SSL certificates are loaded automatically from the package configuration. When available, the server starts with HTTPS. Set DO_DEBUG = True in the source to force HTTP during development.
Cloud providers require API keys configured in the INI file:
[ai_mcp_openai]
api_key = sk-...
[ai_mcp_anthropic]
api_key = sk-ant-...
[ai_mcp_google]
api_key = AIza...
[ai_mcp_mistral]
api_key = ...
[ai_mcp_huggingface]
api_key = hf_...
Local Ollama models require no API key — only a running Ollama service.
# Health check
curl http://localhost:9700/health
# List providers
curl http://localhost:9700/providers
# List installed Ollama models
curl http://localhost:9700/models
# Prompt a local Ollama model
curl -X POST http://localhost:9700/prompt \
-H "Content-Type: application/json" \
-d '{"model": "llm:ollama:mistral", "role": "You are a helpful assistant.", "prompt": "What is Python?"}'
# Prompt OpenAI via MCP
curl -X POST http://localhost:9700/prompt \
-H "Content-Type: application/json" \
-d '{"model": "mcp:openai:gpt-4", "role": "You are a helpful assistant.", "prompt": "Explain REST APIs."}'
# RAG query
curl -X POST http://localhost:9700/embed \
-H "Content-Type: application/json" \
-d '{"sql": "SELECT description FROM def_product LIMIT 50", "query": "red running shoes", "role": "You are a product search assistant."}'
import requests
import json
import sseclient # pip install sseclient-py
BASE_URL = "http://localhost:9700"
# ── 1. Health check ──────────────────────────────────────────────────
resp = requests.get(f"{BASE_URL}/health")
print(resp.json())
# Expected:
# {
# "status": "ok",
# "service": "mcp",
# "uptime_seconds": 42.3,
# "ollama": true,
# "database": true
# }
# ── 2. List installed models ─────────────────────────────────────────
resp = requests.get(f"{BASE_URL}/models")
print(resp.json())
# Expected:
# {
# "models": [
# {"name": "mistral:latest", "id": "6577803aa9a0", "size": "4.4 GB"},
# {"name": "llama2:latest", "id": "78e26419b446", "size": "3.8 GB"}
# ]
# }
# ── 3. Send a prompt ─────────────────────────────────────────────────
resp = requests.post(f"{BASE_URL}/prompt", json={
"model": "llm:ollama:mistral",
"role": "You are a concise assistant. Reply in one sentence.",
"prompt": "What is the capital of Japan?",
})
data = resp.json()
print(f"Status: {resp.status_code}")
print(f"Model: {data['model']}")
print(f"Answer: {data['response']}")
# Expected:
# Status: 200
# Model: llm:ollama:mistral
# Answer: The capital of Japan is Tokyo.
#
# Full response JSON:
# {
# "response": " The capital of Japan is Tokyo.",
# "model": "llm:ollama:mistral"
# }
# ── 4. Stream a prompt (Server-Sent Events) ──────────────────────────
resp = requests.post(
f"{BASE_URL}/prompt/stream",
json={
"model": "llm:ollama:mistral",
"role": "You are a concise assistant.
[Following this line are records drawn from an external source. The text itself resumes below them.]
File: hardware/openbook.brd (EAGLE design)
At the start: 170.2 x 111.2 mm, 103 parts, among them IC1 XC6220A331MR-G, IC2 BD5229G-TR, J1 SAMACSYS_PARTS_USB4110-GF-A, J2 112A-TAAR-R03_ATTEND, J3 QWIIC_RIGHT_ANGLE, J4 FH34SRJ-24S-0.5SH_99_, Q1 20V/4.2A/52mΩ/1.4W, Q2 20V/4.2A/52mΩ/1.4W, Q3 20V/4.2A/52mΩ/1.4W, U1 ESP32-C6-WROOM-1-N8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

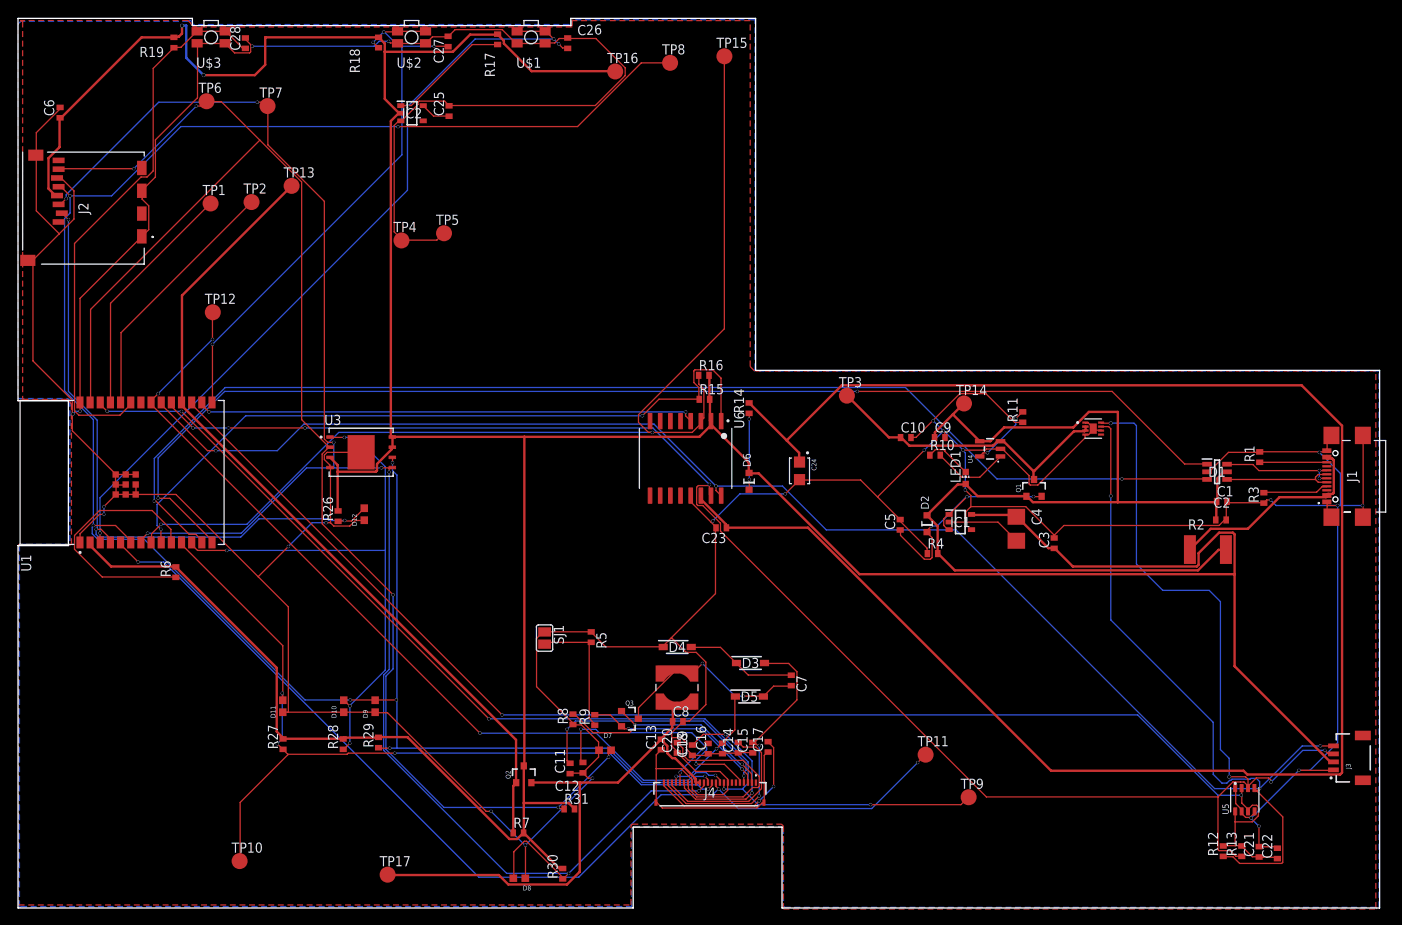
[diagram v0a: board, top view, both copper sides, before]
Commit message: Updated button positions, wire angles, allignment
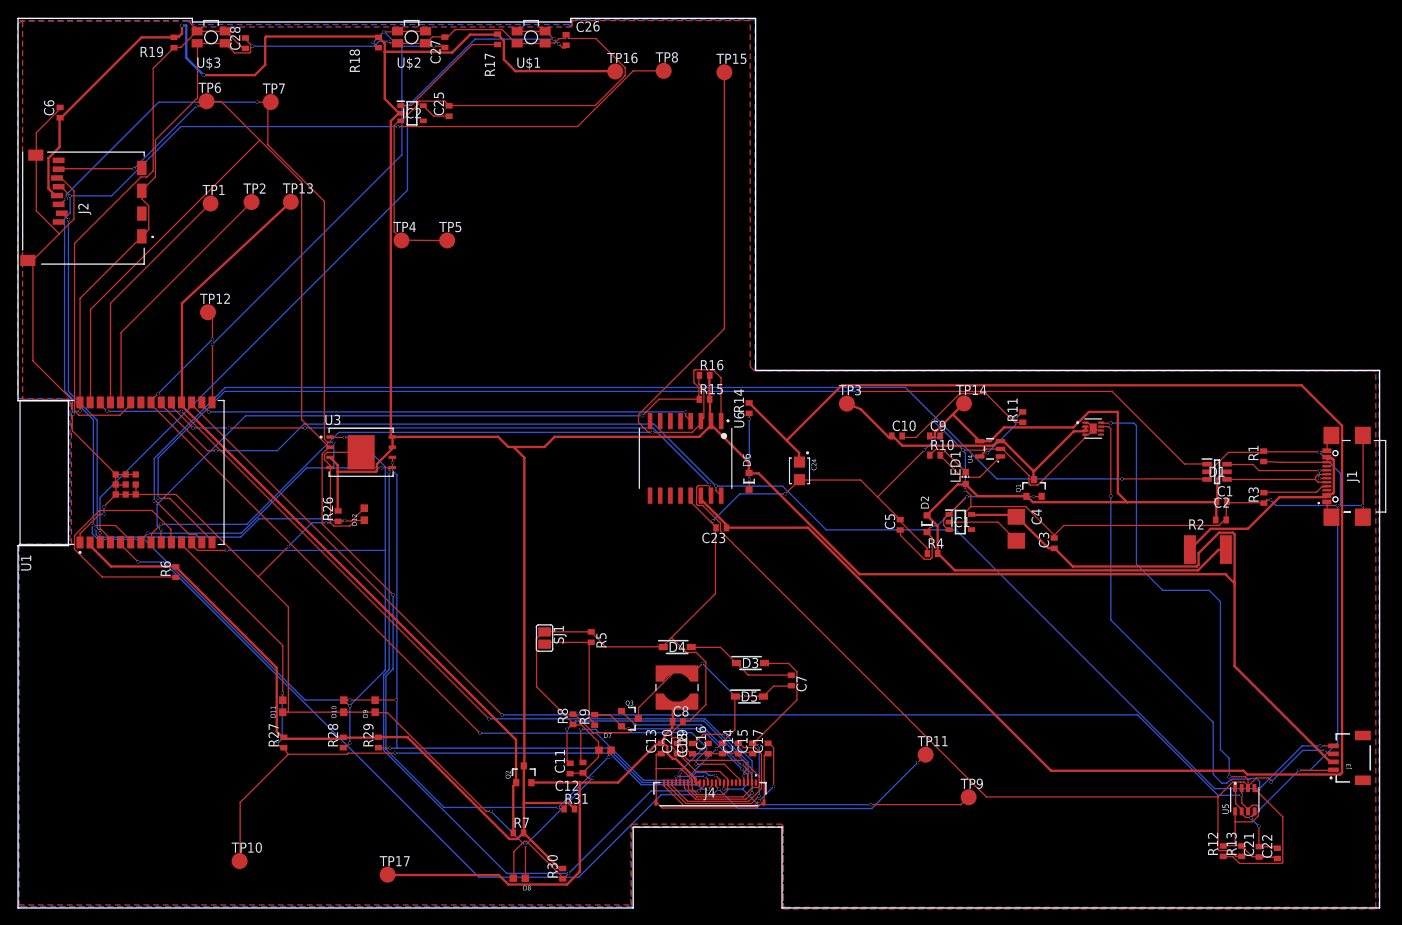
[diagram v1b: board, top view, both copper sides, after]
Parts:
- moved TP13 2.00 mm to (28.7, 5.06)
- moved TP15 2.00 mm to (82.9, 21.3)
- moved TP8 1.28 mm to (75.3, 21.4)
- moved C10 1.12 mm to (104.5, -24.2)
- moved TP3 1.00 mm to (98.2, -20.2)
- moved TP5 0.98 mm to (48.2, 0.24)
- moved TP7 0.64 mm to (26.2, 17.5)
- moved C9 0.63 mm to (109.2, -24.2)
- moved TP12 0.60 mm to (18.4, -8.74)
- moved R1 0.51 mm to (150.3, -26.7)
- moved C13 0.50 mm to (75.0, -63.3)
- moved C26 0.45 mm to (63.1, 25.3)
- moved C27 0.41 mm to (48.0, 25.0)
- moved R27 0.22 mm to (27.8, -62.5)
- moved C17 0.20 mm to (88.4, -63.3)
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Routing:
- net 3V3: track 497.1 -> 499.3 mm
- net INT_RTC: track 134.4 -> 132.5 mm
- net EPD_3V3_C: track 104.0 -> 102.3 mm
- net GND: track 783.4 -> 784.7 mm
- net SCK: track 260.7 -> 259.5 mm
- net VBUS: track 129.6 -> 130.7 mm
- net MOSI: track 217.0 -> 218.0 mm
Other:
- outline, holes or cut-outs redrawn

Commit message: Fixed ground plane and silkscreen issues
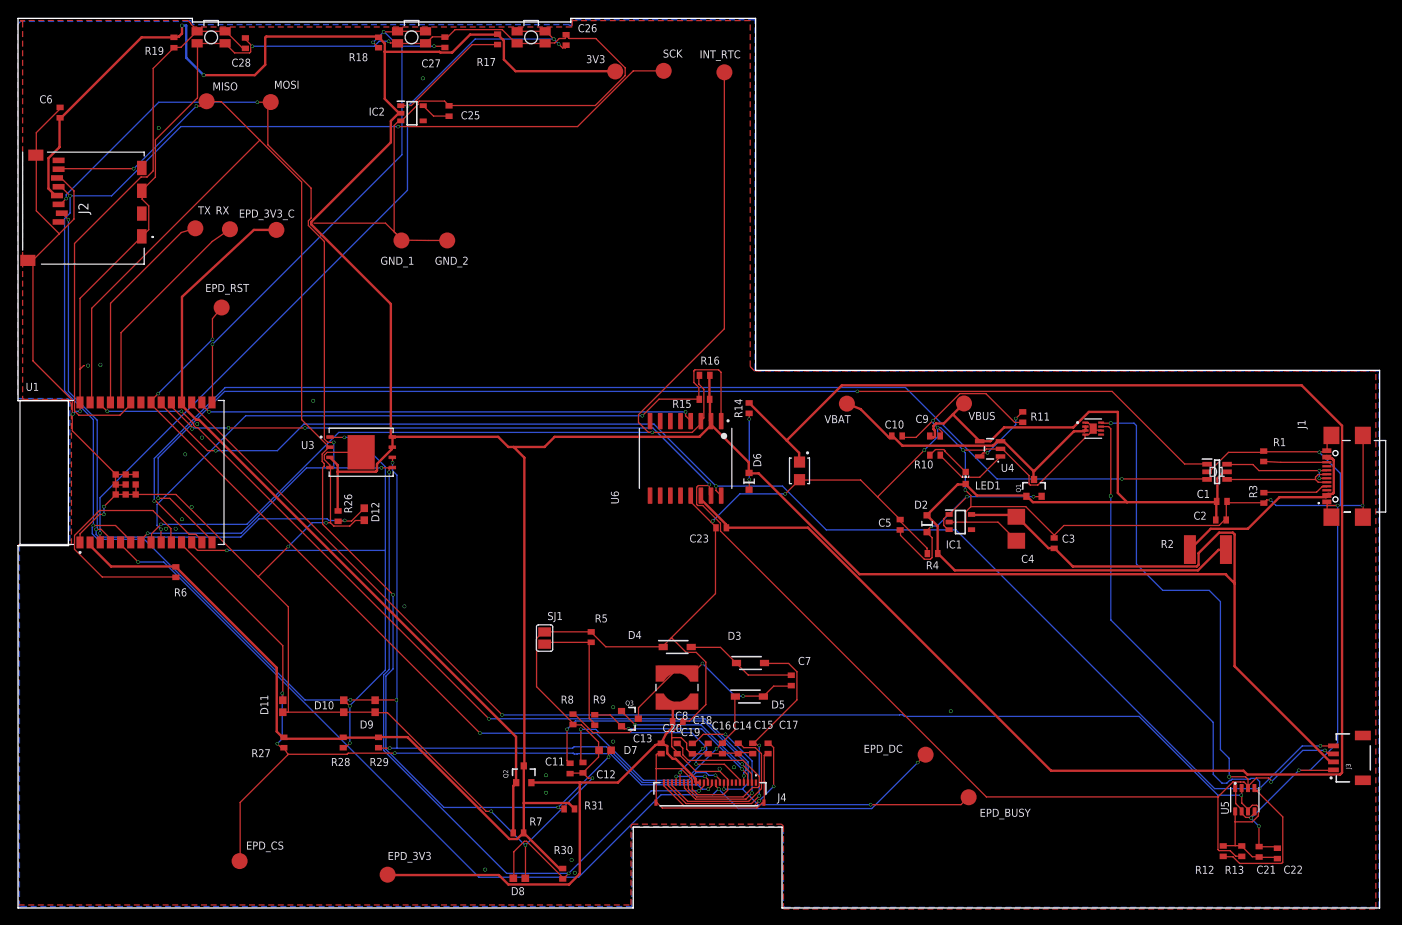
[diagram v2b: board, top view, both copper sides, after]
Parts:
- moved TP2 4.34 mm to (21.1, 1.64)
- moved TP13 3.94 mm to (26.9, 1.56)
- moved TP1 3.64 mm to (16.8, 1.76)
- moved TP12 1.80 mm to (20.1, -8.14)
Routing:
- net GND: track 784.7 -> 798.2 mm, vias 25 -> 48
- net 3V3: track 499.3 -> 507.5 mm
- net RX: track 31.8 -> 27.6 mm
- net TX: track 30.1 -> 26.7 mm
- net EPD_3V3_C: track 102.3 -> 99.8 mm
- net EPD_RST: track 106.6 -> 107.4 mm
- net VBUS: track 130.7 -> 131.4 mm
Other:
- board text added: "3V3"
- board text added: "EPD_3V3"
- board text added: "EPD_3V3_C"
- board text added: "EPD_BUSY"
- board text added: "EPD_CS"
- board text added: "EPD_DC"
- board text added: "EPD_RST"
- board text added: "GND_1"
- board text added: "GND_2"
- board text added: "INT_RTC"
- board text added: "MISO"
- board text added: "MOSI"
- board text added: "RX"
- board text added: "SCK"
- board text added: "TX"
- board text added: "VBAT"
- board text added: "VBUS"

Reply in one sentence.",
"prompt": "What is the largest ocean?",
},
stream=True,
headers={"Accept": "text/event-stream"},
)
full_response = ""
for line in resp.iter_lines(decode_unicode=True):
if line.startswith("data: "):
event = json.loads(line[6:])
if "token" in event:
full_response += event["token"]
print(event["token"], end="", flush=True)
elif "done" in event:
print() # newline after final token
print(f"\nFull: {full_response}")
# Expected output (token by token):
# The Pacific Ocean is the largest ocean on Earth.
#
# Each SSE event:
# data: {"token": " The"}
# data: {"token": " Pacific"}
# data: {"token": " Ocean"}
# data: {"token": " is"}
# data: {"token": " the"}
# data: {"token": " largest"}
# data: {"token": " ocean"}
# data: {"token": " on"}
# data: {"token": " Earth"}
# data: {"token": "."}
# data: {"done": true}
# ── 5. RAG query ─────────────────────────────────────────────────────
resp = requests.post(f"{BASE_URL}/embed", json={
"sql": "SELECT description FROM def_product LIMIT 100",
"query": "leather wallet",
"embedding_model": "mxbai-embed-large",
"model": "llm:ollama:mistral",
"role": "You are a product catalogue assistant.",
})
data = resp.json()
print(f"Match: {data['match']}")
print(f"Response: {data['response']}")
# Expected:
# {
# "match": "Premium Italian leather bifold wallet in brown with RFID blocking",
# "response": "Based on our catalogue, the closest match is a premium Italian leather bifold wallet...",
# "model": "llm:ollama:mistral"
# }
# ── 6. Error cases ───────────────────────────────────────────────────
# Missing prompt → 400
resp = requests.post(f"{BASE_URL}/prompt", json={"model": "llm:ollama:mistral"})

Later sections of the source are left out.